Here is Possible Lineup for Team Radio Shack (sry if there is alredy a thread)

Lance Armstrong 
Levi Leipheimer 
Andreas Kloden 
Brice Feillu 
Romain Felliu
Vincenzo Nibali
Gregory Rast
Yaroslav Popovych
TBA
Riders with the possibility of the filling final spot
Cadel Evans, Tom Boonen, Egoi Martinez, Haimar Zubeldia, Luis Leon Sanchez


This just the Tour de France roster other riders on the team would be...Chris Horner, Janez Brajokvic, Taylor Phinney (not sure he is ready to pull off what Bradley Wiggins did this year, but Armstrong will definately have him on the team) among other will be brought along 

This is roster is actually a small possibility...if so this team could compete for all the jerseys in the grand tours+Tour of California

Yellow/Pink/Golden-Lance-Levi-Kloden (depending on who the team has Evans
Polka Dot/Green/Green-B. Feillu (depending on who the team has Evans, Martinez, Zubeldia all would have a chance)
Green/Mauve/Blue- R.Felliu (depending on who the teams has Boonen)
White/White-B.Felliu-Nibali (depending on who the team has Luis Leon Sanchez)

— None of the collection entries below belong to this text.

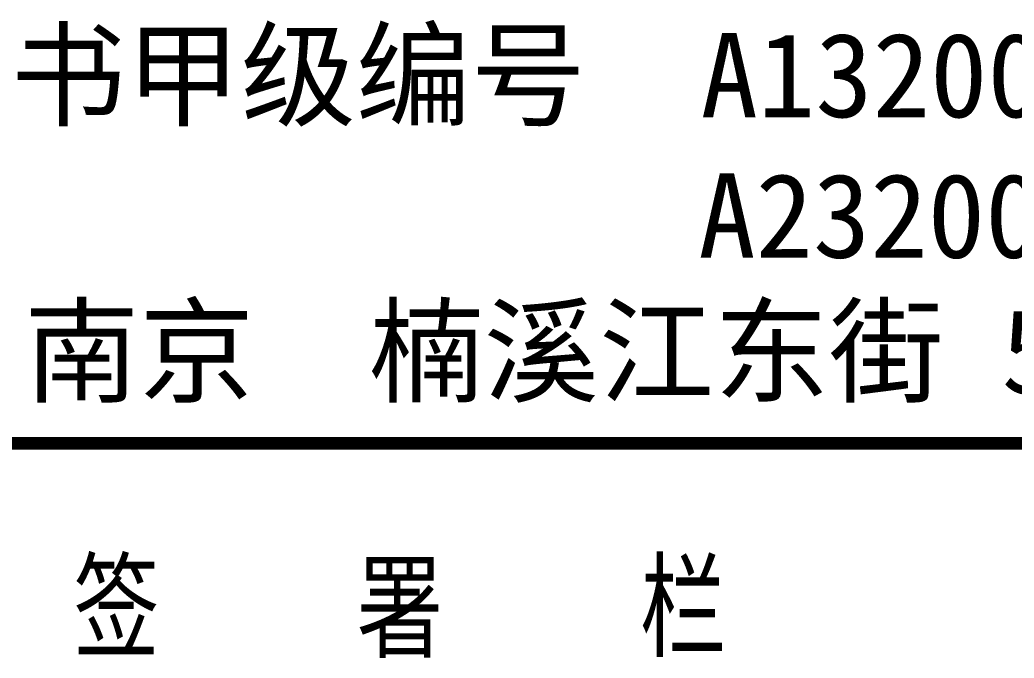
# Model space of a CAD drawing. Extents: x -18502 to 259858, y -468734 to 127958.
# Drawn here: x 98043 to 102464, y -295164 to -292326 of the extents above; entities that cross this region are included whole.
import ezdxf

# ---------------------------------------------------------------- set-up
doc = ezdxf.new("R2010")
doc.units = 0
doc.header["$LTSCALE"] = 1000
doc.layers.add('参照-TK_A1$0$TK', color=161, linetype='CONTINUOUS')
doc.styles.add('参照-TK_A1$0$Q1', font='', dxfattribs={"width": 0.8, "height": 450})
doc.styles.add('参照-TK_A1$0$STANDARD', font='GBENOR', dxfattribs={"bigfont": 'GBCBIG'})
doc.styles.get('参照-TK_A1$0$Q1').set_extended_font_data('SimSun')

msp = doc.modelspace()

# ---------------------------------------------------------------- linework, layer by layer
at = {"layer": '参照-TK_A1$0$TK', "const_width": 37.5}
for points in [[(94147.7, -294199.9), (106147.7, -294199.9)], [(94147.7, -294218.6), (106147.7, -294218.6)]]:
    msp.add_lwpolyline(points, dxfattribs=at)

# ---------------------------------------------------------------- texts
at = {"layer": '参照-TK_A1$0$TK', "style": '参照-TK_A1$0$Q1', "width": 0.75}
for s, p in [('签', (98279.9, -295119.6)), ('栏', (100799.9, -295119.6)), ('署', (99539.9, -295123.9))]:
    msp.add_text(s, height=375, dxfattribs=at).set_placement(p)
at = {"layer": '参照-TK_A1$0$TK', "color": 0, "char_height": 375, "attachment_point": 1, "style": '参照-TK_A1$0$STANDARD'}
for s, insert in [('{\\fSimSun|b0|i0|c134|p2;设计证书甲级编号  A132003592\\P                  A232003599}', (96467.7, -292384.2)), ('{\\fSimSun|b0|i0|c134|p2;中国·南京  楠溪江东街 58 号}', (96528.5, -293612.4))]:
    msp.add_mtext_dynamic_manual_height_columns(s, width=13885.733, gutter_width=1875, heights=[0], dxfattribs=dict(at, insert=insert))

doc.saveas('drawing.dxf')

White Jersey in the Vuelta a Espana-Lance-Levi-Kloden (" " Evans)

These are just some prelimanary thoughts on the team

Your Thoughts?


----------



## FondriestFan (May 19, 2005)

I'd say no on Boonen and Sanchez, but hey, money talks so anything's possible.


----------



## Team RadioShack (Jul 26, 2009)

FondriestFan said:


> I'd say no on Boonen and Sanchez, but hey, money talks so anything's possible.


I think they are possible because Quick Step suspended Boonen for run in with cocaine (he is clean now) plus he was on U.S. Postal form 2000-01 and L.L. Sanchez has been with Caisse D'Eprange since 2007 and that means his contract could be up and as ypu said money talks

If anyone has a site where I can veiw the contracts of the cyclists please post link. Thanks


----------



## lucer0 (Apr 13, 2007)

Quickstep has been solidly behind Boonen through all of his crazy partying antics - I don't think he'd leave out of unhappiness. Plus he lives for Paris-Roubaix, and I can't see a TDF-centered team doing supremely well there.


----------



## OldEndicottHiway (Jul 16, 2007)

Team RadioShack said:


> *Your Thoughts*?



Me.

A chick on the team would be a nice touch. But my contract shall include a tow rope, and Merlot. If they throw in a puppy to sweeten the deal I'm in.


----------